> **What you need to do**
Every line containing the word "model" is to be copied from the data below.
*** Task input ***
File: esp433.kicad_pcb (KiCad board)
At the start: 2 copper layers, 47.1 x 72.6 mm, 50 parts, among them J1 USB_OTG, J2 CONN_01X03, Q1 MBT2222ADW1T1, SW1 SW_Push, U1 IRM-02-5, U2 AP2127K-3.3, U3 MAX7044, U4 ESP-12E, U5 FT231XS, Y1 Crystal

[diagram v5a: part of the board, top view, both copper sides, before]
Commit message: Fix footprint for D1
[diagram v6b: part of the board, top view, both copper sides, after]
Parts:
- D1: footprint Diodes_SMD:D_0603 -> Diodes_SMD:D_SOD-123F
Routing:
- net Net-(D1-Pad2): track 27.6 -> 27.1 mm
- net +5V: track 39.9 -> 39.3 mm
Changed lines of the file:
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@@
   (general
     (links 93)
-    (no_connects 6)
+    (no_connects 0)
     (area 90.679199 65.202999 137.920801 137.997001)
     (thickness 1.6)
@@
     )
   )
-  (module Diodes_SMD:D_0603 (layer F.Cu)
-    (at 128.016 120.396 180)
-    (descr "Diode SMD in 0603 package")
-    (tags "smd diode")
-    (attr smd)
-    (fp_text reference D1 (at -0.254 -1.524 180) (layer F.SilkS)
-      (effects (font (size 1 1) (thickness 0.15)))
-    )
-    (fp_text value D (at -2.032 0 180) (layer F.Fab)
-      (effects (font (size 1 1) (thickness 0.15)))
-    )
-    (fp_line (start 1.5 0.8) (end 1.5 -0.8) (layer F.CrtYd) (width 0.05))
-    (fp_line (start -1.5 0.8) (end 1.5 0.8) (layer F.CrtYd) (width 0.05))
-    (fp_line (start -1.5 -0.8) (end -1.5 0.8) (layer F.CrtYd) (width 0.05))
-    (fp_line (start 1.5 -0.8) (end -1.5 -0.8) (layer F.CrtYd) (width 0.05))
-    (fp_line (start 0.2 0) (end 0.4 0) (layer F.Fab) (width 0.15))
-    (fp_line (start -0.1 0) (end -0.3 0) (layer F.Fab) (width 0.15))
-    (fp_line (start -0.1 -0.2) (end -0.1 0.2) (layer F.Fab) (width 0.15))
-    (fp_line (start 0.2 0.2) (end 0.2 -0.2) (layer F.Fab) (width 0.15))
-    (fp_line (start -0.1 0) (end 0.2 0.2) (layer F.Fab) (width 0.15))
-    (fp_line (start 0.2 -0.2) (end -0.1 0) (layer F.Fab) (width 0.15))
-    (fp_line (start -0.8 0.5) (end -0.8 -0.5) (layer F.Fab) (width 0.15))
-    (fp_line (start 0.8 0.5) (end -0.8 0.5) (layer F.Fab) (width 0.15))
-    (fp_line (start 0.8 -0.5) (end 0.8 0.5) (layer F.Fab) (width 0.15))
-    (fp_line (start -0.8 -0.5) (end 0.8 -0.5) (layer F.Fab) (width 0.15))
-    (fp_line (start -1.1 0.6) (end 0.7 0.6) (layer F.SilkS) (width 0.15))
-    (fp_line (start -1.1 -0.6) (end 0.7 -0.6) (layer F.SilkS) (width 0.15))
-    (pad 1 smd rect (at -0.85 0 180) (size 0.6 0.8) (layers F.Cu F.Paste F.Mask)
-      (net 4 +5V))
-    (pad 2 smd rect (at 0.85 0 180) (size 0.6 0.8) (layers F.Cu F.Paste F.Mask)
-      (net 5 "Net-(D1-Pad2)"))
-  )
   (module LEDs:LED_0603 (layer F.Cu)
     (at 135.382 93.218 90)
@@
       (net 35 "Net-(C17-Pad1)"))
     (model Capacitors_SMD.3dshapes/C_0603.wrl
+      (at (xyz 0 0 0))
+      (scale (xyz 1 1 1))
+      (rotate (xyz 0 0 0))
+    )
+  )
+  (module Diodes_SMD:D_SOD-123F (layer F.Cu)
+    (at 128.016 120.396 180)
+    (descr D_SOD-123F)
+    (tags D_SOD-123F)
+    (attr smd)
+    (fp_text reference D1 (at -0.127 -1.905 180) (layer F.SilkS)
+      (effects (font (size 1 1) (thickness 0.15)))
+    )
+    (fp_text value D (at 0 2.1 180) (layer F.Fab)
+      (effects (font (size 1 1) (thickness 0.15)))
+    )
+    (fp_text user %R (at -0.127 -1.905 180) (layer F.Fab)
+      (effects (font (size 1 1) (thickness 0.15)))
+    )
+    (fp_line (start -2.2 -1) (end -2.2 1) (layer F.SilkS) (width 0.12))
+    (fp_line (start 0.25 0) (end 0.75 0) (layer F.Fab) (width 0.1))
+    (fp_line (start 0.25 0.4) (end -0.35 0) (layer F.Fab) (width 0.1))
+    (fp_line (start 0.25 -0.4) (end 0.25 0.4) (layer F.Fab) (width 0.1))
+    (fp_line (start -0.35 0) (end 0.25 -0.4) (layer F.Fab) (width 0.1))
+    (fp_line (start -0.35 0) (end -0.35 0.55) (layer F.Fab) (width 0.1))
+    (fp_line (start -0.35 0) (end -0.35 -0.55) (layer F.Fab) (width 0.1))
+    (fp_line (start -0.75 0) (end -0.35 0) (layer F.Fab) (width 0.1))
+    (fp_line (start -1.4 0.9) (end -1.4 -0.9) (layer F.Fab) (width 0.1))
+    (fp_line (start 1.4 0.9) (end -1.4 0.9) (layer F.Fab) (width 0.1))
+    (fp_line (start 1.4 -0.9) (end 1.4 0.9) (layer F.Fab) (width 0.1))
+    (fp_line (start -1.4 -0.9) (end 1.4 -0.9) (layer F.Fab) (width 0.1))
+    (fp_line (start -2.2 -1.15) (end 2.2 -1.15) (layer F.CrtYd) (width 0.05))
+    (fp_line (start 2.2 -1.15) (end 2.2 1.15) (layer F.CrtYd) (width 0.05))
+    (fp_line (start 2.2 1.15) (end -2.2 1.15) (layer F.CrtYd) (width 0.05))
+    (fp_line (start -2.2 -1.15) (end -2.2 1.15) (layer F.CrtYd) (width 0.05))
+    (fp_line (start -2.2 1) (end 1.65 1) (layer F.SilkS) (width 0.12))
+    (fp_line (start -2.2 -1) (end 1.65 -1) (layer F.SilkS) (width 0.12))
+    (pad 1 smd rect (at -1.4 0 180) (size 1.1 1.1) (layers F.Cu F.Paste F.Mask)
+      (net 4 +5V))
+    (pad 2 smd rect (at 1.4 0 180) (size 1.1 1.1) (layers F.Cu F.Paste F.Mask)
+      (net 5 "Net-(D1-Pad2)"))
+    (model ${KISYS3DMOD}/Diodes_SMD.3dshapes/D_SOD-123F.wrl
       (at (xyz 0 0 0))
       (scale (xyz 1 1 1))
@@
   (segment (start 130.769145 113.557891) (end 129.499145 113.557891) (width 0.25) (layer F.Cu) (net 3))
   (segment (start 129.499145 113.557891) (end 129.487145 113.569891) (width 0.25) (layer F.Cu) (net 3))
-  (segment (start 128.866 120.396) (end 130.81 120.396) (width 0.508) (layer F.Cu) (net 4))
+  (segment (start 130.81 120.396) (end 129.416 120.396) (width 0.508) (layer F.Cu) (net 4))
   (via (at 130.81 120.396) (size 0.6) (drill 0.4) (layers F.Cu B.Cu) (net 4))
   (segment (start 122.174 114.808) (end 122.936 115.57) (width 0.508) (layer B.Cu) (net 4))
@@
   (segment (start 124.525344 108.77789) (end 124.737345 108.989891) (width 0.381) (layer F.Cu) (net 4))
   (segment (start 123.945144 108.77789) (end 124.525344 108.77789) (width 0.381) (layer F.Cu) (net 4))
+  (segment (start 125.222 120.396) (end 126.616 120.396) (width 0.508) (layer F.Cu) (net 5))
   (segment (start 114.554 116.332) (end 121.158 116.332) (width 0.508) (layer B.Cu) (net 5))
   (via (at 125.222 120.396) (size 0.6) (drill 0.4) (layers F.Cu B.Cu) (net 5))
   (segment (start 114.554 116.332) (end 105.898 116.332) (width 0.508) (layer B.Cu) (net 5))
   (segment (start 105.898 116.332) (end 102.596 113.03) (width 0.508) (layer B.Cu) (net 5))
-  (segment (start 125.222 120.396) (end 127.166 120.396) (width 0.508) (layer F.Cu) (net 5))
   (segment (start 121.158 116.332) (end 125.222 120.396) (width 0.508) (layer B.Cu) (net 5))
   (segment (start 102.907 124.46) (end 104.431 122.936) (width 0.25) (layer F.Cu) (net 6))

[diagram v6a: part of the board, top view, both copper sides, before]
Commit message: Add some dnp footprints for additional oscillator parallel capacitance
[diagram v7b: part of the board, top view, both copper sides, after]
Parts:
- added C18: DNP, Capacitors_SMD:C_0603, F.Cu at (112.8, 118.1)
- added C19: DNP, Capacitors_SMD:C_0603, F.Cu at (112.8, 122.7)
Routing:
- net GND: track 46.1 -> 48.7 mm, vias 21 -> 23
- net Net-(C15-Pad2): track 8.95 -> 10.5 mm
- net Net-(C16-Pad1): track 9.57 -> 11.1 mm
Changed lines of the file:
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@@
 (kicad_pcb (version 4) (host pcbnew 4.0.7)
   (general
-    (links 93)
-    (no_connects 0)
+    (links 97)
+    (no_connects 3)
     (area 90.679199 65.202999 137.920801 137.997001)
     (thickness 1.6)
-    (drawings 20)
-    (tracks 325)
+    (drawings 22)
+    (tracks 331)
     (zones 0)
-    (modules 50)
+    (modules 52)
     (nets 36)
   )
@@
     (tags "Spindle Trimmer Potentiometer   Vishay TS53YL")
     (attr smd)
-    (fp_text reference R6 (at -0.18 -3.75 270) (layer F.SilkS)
*** End of Task input ***
> **Task response**
     (model Capacitors_SMD.3dshapes/C_0603.wrl
+    (model ${KISYS3DMOD}/Diodes_SMD.3dshapes/D_SOD-123F.wrl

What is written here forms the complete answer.